Records shown START

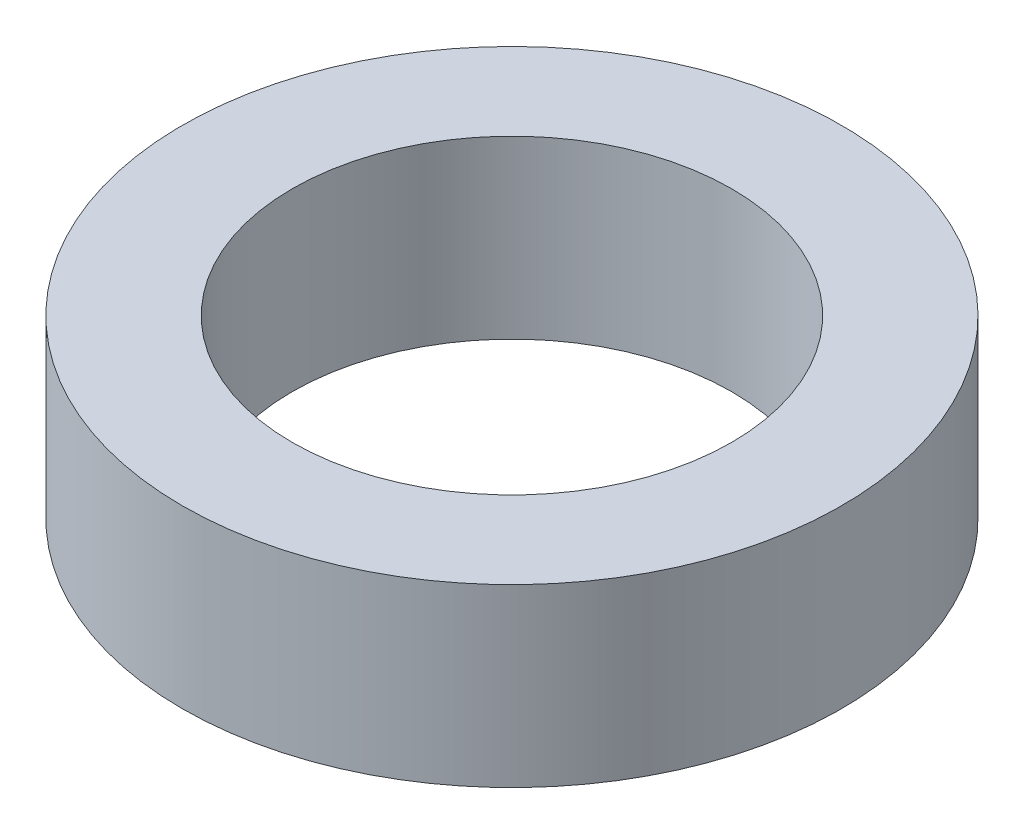
SolidWorks part; units mm, degrees
ref_plane "Ön Düzlem" through (0, 0, 0) normal (0, 0, 1) x (1, 0, 0)
ref_plane "Üst Düzlem" through (0, 0, 0) normal (0, 1, 0) x (1, 0, 0)
ref_plane "Sağ Düzlem" through (0, 0, 0) normal (1, 0, 0) x (0, 0, -1)
sketch "Sketch1" plane through (0, 0, 0) normal (0, 1, 0) x (1, 0, 0)
  circle A0 centre (0, 0) radius 5
  circle A1 centre (0, 0) radius 7.5
  dimension "D1" = 10
  dimension "D2" = 15
extrude "Boss-Extrude1" add sketch "Sketch1" along normal blind 4

Records shown END

__Task brief__. Every record above should be set down exactly, with the pictures left out.

__Solution__.
SolidWorks part; units mm, degrees
ref_plane "Ön Düzlem" through (0, 0, 0) normal (0, 0, 1) x (1, 0, 0)
ref_plane "Üst Düzlem" through (0, 0, 0) normal (0, 1, 0) x (1, 0, 0)
ref_plane "Sağ Düzlem" through (0, 0, 0) normal (1, 0, 0) x (0, 0, -1)
sketch "Sketch1" plane through (0, 0, 0) normal (0, 1, 0) x (1, 0, 0)
  circle A0 centre (0, 0) radius 5
  circle A1 centre (0, 0) radius 7.5
  dimension "D1" = 10
  dimension "D2" = 15
extrude "Boss-Extrude1" add sketch "Sketch1" along normal blind 4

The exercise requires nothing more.